Privar a la Semana Santa de su fondo - el desbordamiento del amor de Dios - para quedarse en la mera forma, en el puro ritual de los pasos, en la cadencia procesional de unos costaleros, en la vistosidad de unas tallas, suena a idolatría. La magnificencia externa de las procesiones es merecedora de todo respeto si es expresión y símbolo de un contenido; sin eso, se convierte en puro teatro, en farsa, en pasatiempo.

A mí me han dolido algunas declaraciones que se le atribuyen, quizá no del todo exactamente, a supuestos representantes de supuestas cofradías. Es discutible que la protesta frente al aborto se traslade a las procesiones y se manifieste en el gesto de portar lazos blancos o cualquier otro signo. Puede, legítimamente, parecer más o menos prudente u oportuno. Pero no es discutible que una procesión de Semana Santa, si no quiere reducirse al mero folclore, es, de por sí, con lazos o sin ellos, un grito apasionado en favor de la vida y un clamor silencioso, pero evidente, contra toda agresión injusta a los inocentes.
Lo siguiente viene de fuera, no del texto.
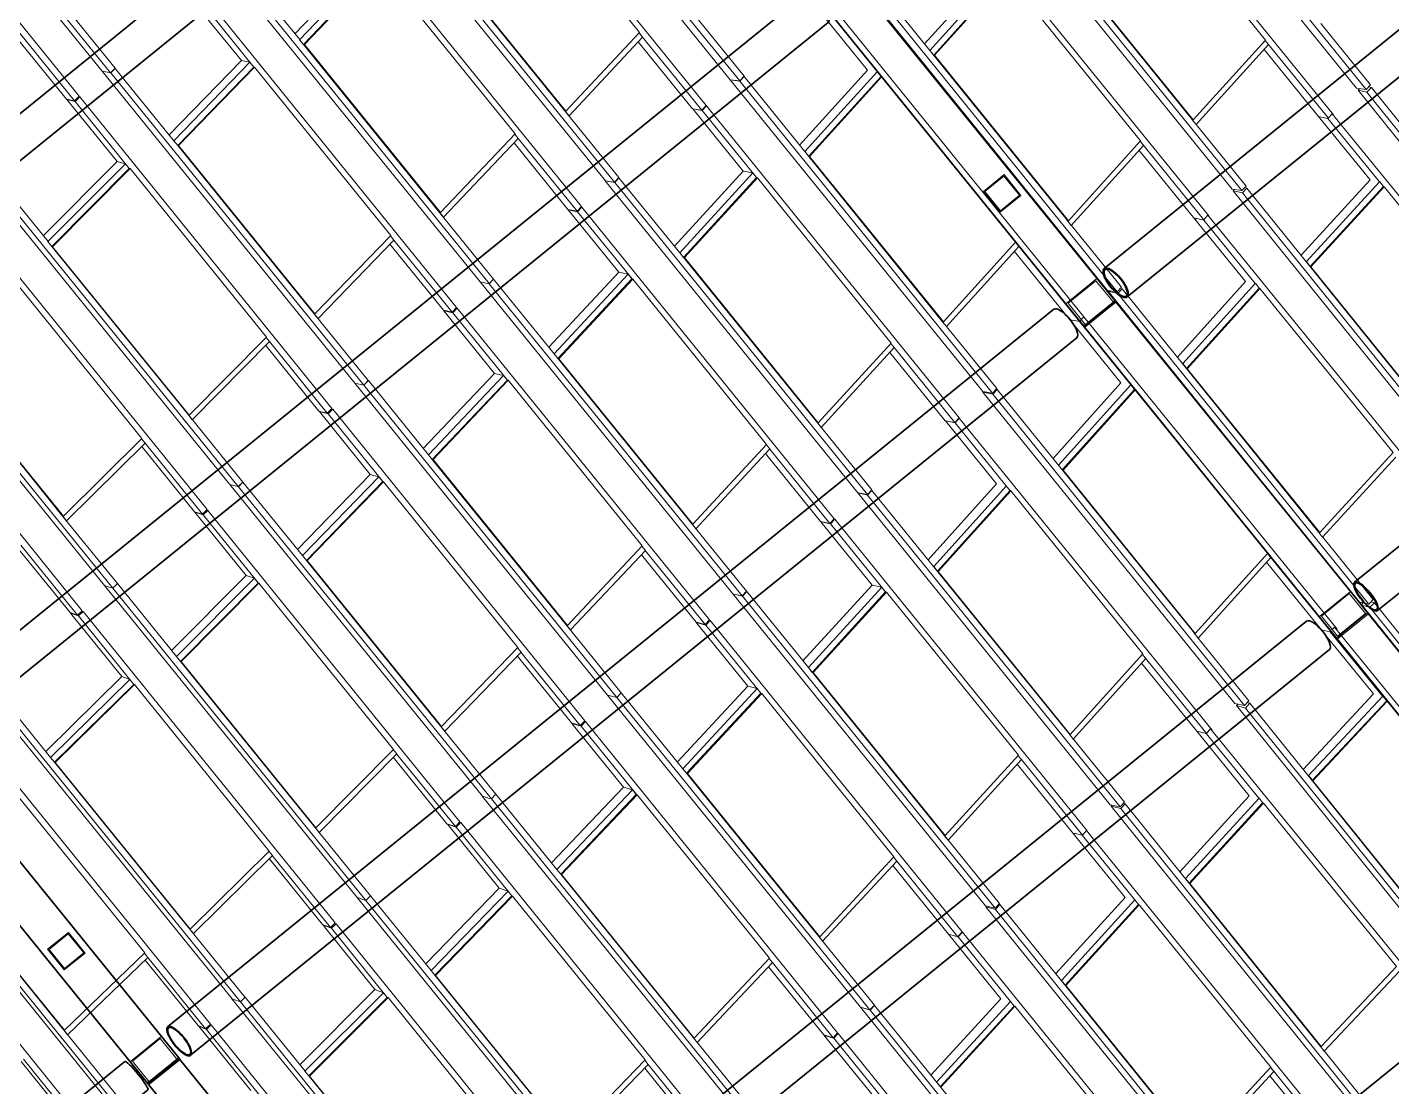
# Model space of a CAD drawing. Header units: millimetres. Extents: x 834681283 to 835686922, y 817551134 to 819407044.
# Drawn here: x 835292976 to 835303174, y 818125021 to 818132940 of the extents above; entities that cross this region are included whole.
import ezdxf

# ---------------------------------------------------------------- set-up
doc = ezdxf.new("R2010")
doc.units = ezdxf.units.MM
doc.header["$LTSCALE"] = 1200
doc.header["$MEASUREMENT"] = 0
for name, pattern in [('P01-MAGP-P-RF$0$P01_MS_01_N1-FloorPlan-PART2OFUPPERROOFSETTINGOUT$0$BH DASHED2', [3, 2, -1]), ('P01-MAGP-P-RF$0$P01_MS_01_N1-FloorPlan-PART2OFUPPERROOFSETTINGOUT$0$BH DASHED3', [2, 1, -1]), ('P01-MAGP-P-RF$0$PHANTOM', [2.5, 1.25, -0.25, 0.25, -0.25, 0.25, -0.25])]:
    doc.linetypes.add(name, pattern=pattern)
for name, color, linetype, lineweight in [('P01-MAGP-P-RF$0$MMH053__', 253, 'P01-MAGP-P-RF$0$PHANTOM', 40), ('P01-MAGP-P-RF$0$P01_MS_01_N1-FloorPlan-PART2OFUPPERROOFSETTINGOUT$0$S-BEAM', 253, 'Continuous', 35), ('P01-MAGP-P-RF$0$P01_MS_01_N1-FloorPlan-PART2OFUPPERROOFSETTINGOUT$0$S-BEAM-HIDN', 253, 'P01-MAGP-P-RF$0$P01_MS_01_N1-FloorPlan-PART2OFUPPERROOFSETTINGOUT$0$BH DASHED2', 18), ('P01-MAGP-P-RF$0$P01_MS_01_N1-FloorPlan-PART2OFUPPERROOFSETTINGOUT$0$S-COLS-HIDN', 253, 'P01-MAGP-P-RF$0$P01_MS_01_N1-FloorPlan-PART2OFUPPERROOFSETTINGOUT$0$BH DASHED3', 18), ('P01-MAGP-P-RF$0$ROOF MESH HALF TONE$0$A-GLAZ', 253, 'Continuous', 9), ('P01-MAGP-P-RF$0$ROOF MESH HALF TONE$0$A-MASS', 253, 'Continuous', 9)]:
    doc.layers.add(name, color=color, linetype=linetype, lineweight=lineweight)

# ---------------------------------------------------------------- blocks, each defined once
blk = doc.blocks.new('P01-MAGP-P-RF$0$P01_MS_01_N1-FloorPlan-PART2OFUPPERROOFSETTINGOUT$0$Circular Hollow Sections - CHS273x10_PSB97-8452177-PART 2 OF  UPPER ROOF SETTING OUT')
at = {"layer": 'P01-MAGP-P-RF$0$P01_MS_01_N1-FloorPlan-PART2OFUPPERROOFSETTINGOUT$0$S-BEAM'}
for p, q in [((72757, 39603), (65761, 34704)), ((65918, 34480), (72914, 39379))]:
    blk.add_line(p, q, dxfattribs=at)
for centre, major_axis, start_param, end_param in [((72836, 39491), (-78, 112), 3.141593, 6.283185), ((65840, 34592), (-78, 112), 0, 3.141593), ((65840, 34592), (-73, 104), 0, 3.141593), ((65840, 34592), (-78, 112), 3.141593, 6.283185), ((65840, 34592), (-73, 104), 3.141593, 6.283185)]:
    blk.add_ellipse(centre, major_axis=major_axis, ratio=0.310041, start_param=start_param, end_param=end_param, dxfattribs=at)
blk = doc.blocks.new('P01-MAGP-P-RF$0$P01_MS_01_N1-FloorPlan-PART2OFUPPERROOFSETTINGOUT$0$Circular Hollow Sections - CHS273x10_PSB97-8451182-PART 2 OF  UPPER ROOF SETTING OUT')
at = {"layer": 'P01-MAGP-P-RF$0$P01_MS_01_N1-FloorPlan-PART2OFUPPERROOFSETTINGOUT$0$S-BEAM'}
for p, q in [((68874, 29559), (61814, 24615)), ((61970, 24392), (69031, 29335))]:
    blk.add_line(p, q, dxfattribs=at)
for centre, major_axis, start_param, end_param in [((68953, 29447), (-78, 112), 3.141593, 6.283185), ((61892, 24503), (-78, 112), 0, 3.141593), ((61892, 24503), (-73, 104), 0, 3.141593), ((61892, 24503), (-78, 112), 3.141593, 6.283185), ((61892, 24503), (-73, 104), 3.141593, 6.283185)]:
    blk.add_ellipse(centre, major_axis=major_axis, ratio=0.113157, start_param=start_param, end_param=end_param, dxfattribs=at)
blk = doc.blocks.new('P01-MAGP-P-RF$0$P01_MS_01_N1-FloorPlan-PART2OFUPPERROOFSETTINGOUT$0$Circular Hollow Sections - CHS273x10_PSB97-8452281-PART 2 OF  UPPER ROOF SETTING OUT')
at = {"layer": 'P01-MAGP-P-RF$0$P01_MS_01_N1-FloorPlan-PART2OFUPPERROOFSETTINGOUT$0$S-BEAM'}
for p, q in [((76193, 34684), (69210, 29794)), ((69367, 29571), (76350, 34460))]:
    blk.add_line(p, q, dxfattribs=at)
for centre, major_axis, start_param, end_param in [((76271, 34572), (-78, 112), 3.141593, 6.283185), ((69289, 29682), (-78, 112), 0, 3.141593), ((69289, 29682), (-73, 104), 0, 3.141593), ((69289, 29682), (-78, 112), 3.141593, 6.283185), ((69289, 29682), (-73, 104), 3.141593, 6.283185)]:
    blk.add_ellipse(centre, major_axis=major_axis, ratio=0.329883, start_param=start_param, end_param=end_param, dxfattribs=at)
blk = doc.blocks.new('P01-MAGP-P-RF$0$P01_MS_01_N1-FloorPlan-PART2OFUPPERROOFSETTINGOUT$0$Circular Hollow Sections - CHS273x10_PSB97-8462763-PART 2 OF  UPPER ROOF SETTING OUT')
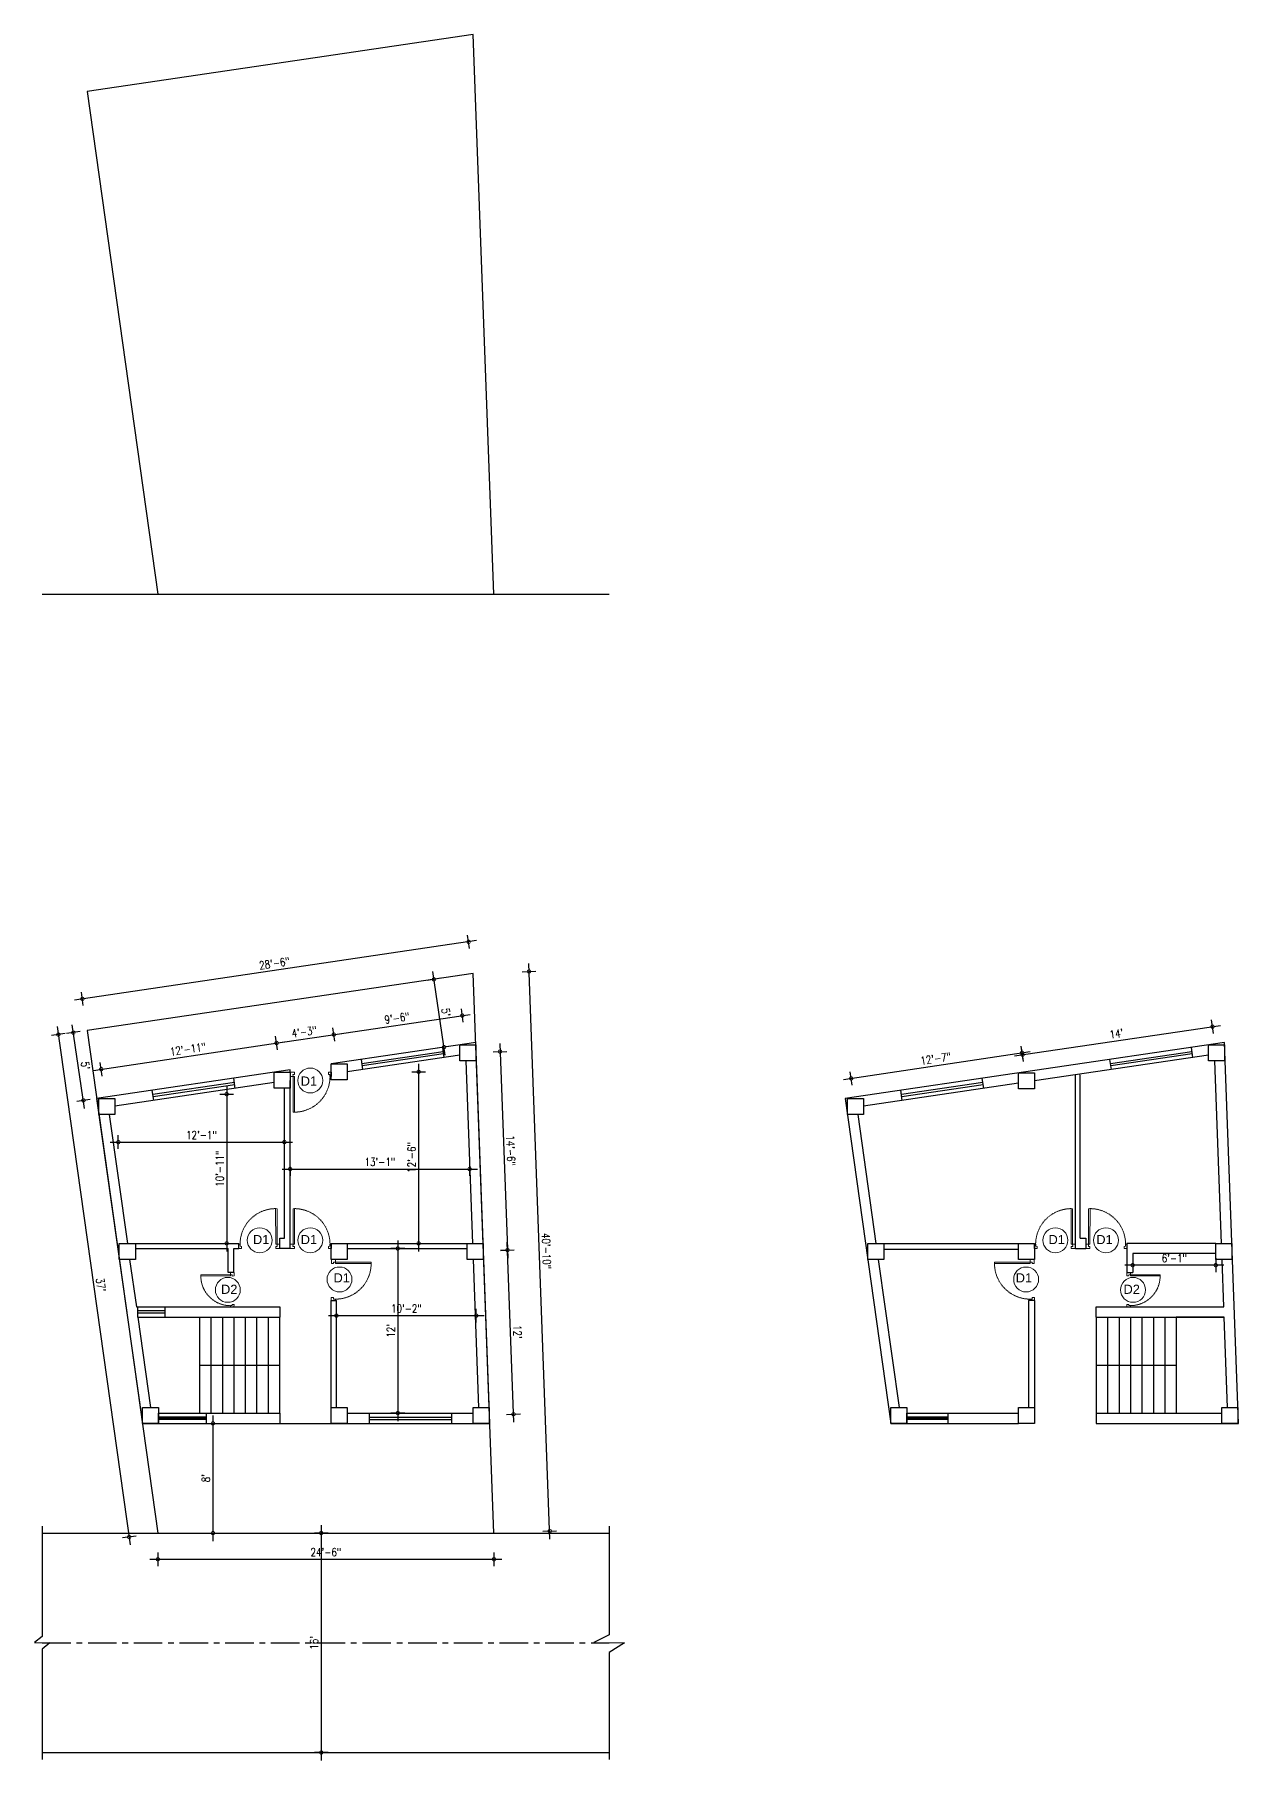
# Model space of a CAD drawing. Header units: inches. Extents: x -5142662 to -4941318, y -3361958 to -3160563.
# Drawn here: x -5016708 to -5015655, y -3262818 to -3261308 of the extents above; entities that cross this region are included whole.
import ezdxf

# ---------------------------------------------------------------- set-up
doc = ezdxf.new("R2010")
doc.units = ezdxf.units.IN
doc.header["$LTSCALE"] = 2
doc.header["$MEASUREMENT"] = 0
doc.header["$PDMODE"] = 34
doc.linetypes.add('CENTER', pattern=[2, 1.25, -0.25, 0.25, -0.25])
doc.linetypes.add('HIDDEN', pattern=[0.375, 0.25, -0.125])
doc.layers.get('0').update_dxf_attribs({"linetype": 'CONTINUOUS'})
doc.layers.get('DEFPOINTS').update_dxf_attribs({"color": 141, "linetype": 'CONTINUOUS'})
for name, color, linetype, lineweight in [('Annotate-Lite.w', 177, 'CONTINUOUS', 9), ('Door-Window.w', 4, 'CONTINUOUS', 15), ('Toilet', 7, 'CONTINUOUS', 25)]:
    doc.layers.add(name, color=color, linetype=linetype, lineweight=lineweight)
doc.styles.add('gaurav', font='arial.ttf')
doc.styles.add('ROMANS', font='Romans.shx', dxfattribs={"width": 0.8})
doc.dimstyles.new('8 SCALE', dxfattribs={"dimscale": 0, "dimtxt": 7, "dimasz": 6, "dimexe": 6, "dimexo": 2, "dimgap": 2, "dimtad": 1, "dimdec": 0, "dimzin": 0, "dimdsep": 46, "dimlunit": 4, "dimtxsty": 'ROMANS', "dimblk": 'DOTSMALL', "dimcen": 0, "dimdle": 7, "dimclrd": 8, "dimclre": 8, "dimclrt": 3, "dimadec": 0, "dimazin": 0, "dimtfac": 1, "dimtdec": 0, "dimtofl": 0, "dimtmove": 2, "dimatfit": 3, "dimfxl": 6, "dimfxlon": 1, "dimtolj": 1, "dimtzin": 0, "dimarcsym": 0})

# ---------------------------------------------------------------- blocks, each defined once
blk = doc.blocks.new('_DOTSMALL')
at = {"color": 0, "linetype": 'ByBlock', "const_width": 0.5}
blk.add_lwpolyline([(-0.0625, 0, 1), (0.0625, 0, 1)], format="xyb", close=True, dxfattribs=at)
blk = doc.blocks.new('*D761')
at = {"color": 8, "lineweight": -2, "ltscale": 0.5, "transparency": 16777216}
for p, q in [((-5016288.6, -3262522), (-5016294.4, -3262364.5)), ((-5016300.1, -3262371.8), (-5016288.1, -3262371.3)), ((-5016294.8, -3262515.3), (-5016282.8, -3262514.8))]:
    blk.add_line(p, q, dxfattribs=at)
at = {"layer": 'DEFPOINTS', "color": 0, "ltscale": 0.5, "transparency": 16777216}
for p in [(-5016322.3, -3262372.6), (-5016294.1, -3262371.5), (-5016317, -3262516.1)]:
    blk.add_point(p, dxfattribs=at)
at = {"color": 8, "lineweight": -2, "ltscale": 0.5, "transparency": 16777216, "xscale": 6, "yscale": 6, "zscale": 6}
for p, rotation in [((-5016294.1, -3262371.5), 92.11435361978204), ((-5016288.8, -3262515.1), 272.114353619782)]:
    blk.add_blockref('_DOTSMALL', p, dxfattribs=dict(at, rotation=rotation))
at = {"color": 3, "ltscale": 0.5, "transparency": 16777216, "insert": (-5016285.3, -3262443.1), "char_height": 7, "attachment_point": 5, "rotation": 272.1144, "style": 'ROMANS'}
blk.add_mtext("\\A1;12'", dxfattribs=at)
blk = doc.blocks.new('*D762')
at = {"color": 8, "lineweight": -2, "ltscale": 0.5, "transparency": 16777216}
for p, q in [((-5016306.6, -3262198.1), (-5016294.6, -3262197.6)), ((-5016300.9, -3262190.8), (-5016293.9, -3262378.5)), ((-5016300.1, -3262371.7), (-5016288.1, -3262371.3))]:
    blk.add_line(p, q, dxfattribs=at)
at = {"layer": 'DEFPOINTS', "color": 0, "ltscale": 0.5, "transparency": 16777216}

Si alguien que posesionase en la Semana Santa creyese que se debería separar lo que va unido, o que es innecesario apostar, con hechos y gestos, por la vida, o que la religión se reduce a la cómoda repetición de unos desfiles con apariencia sacra… si eso fuese así - lo que, en mi parecer, no puede pasar de una mera hipótesis - yo sería el primero en rezar para que no saliese a la calle ni un solo paso, ni una sola imagen, ni una sola muestra más de profunda incoherencia.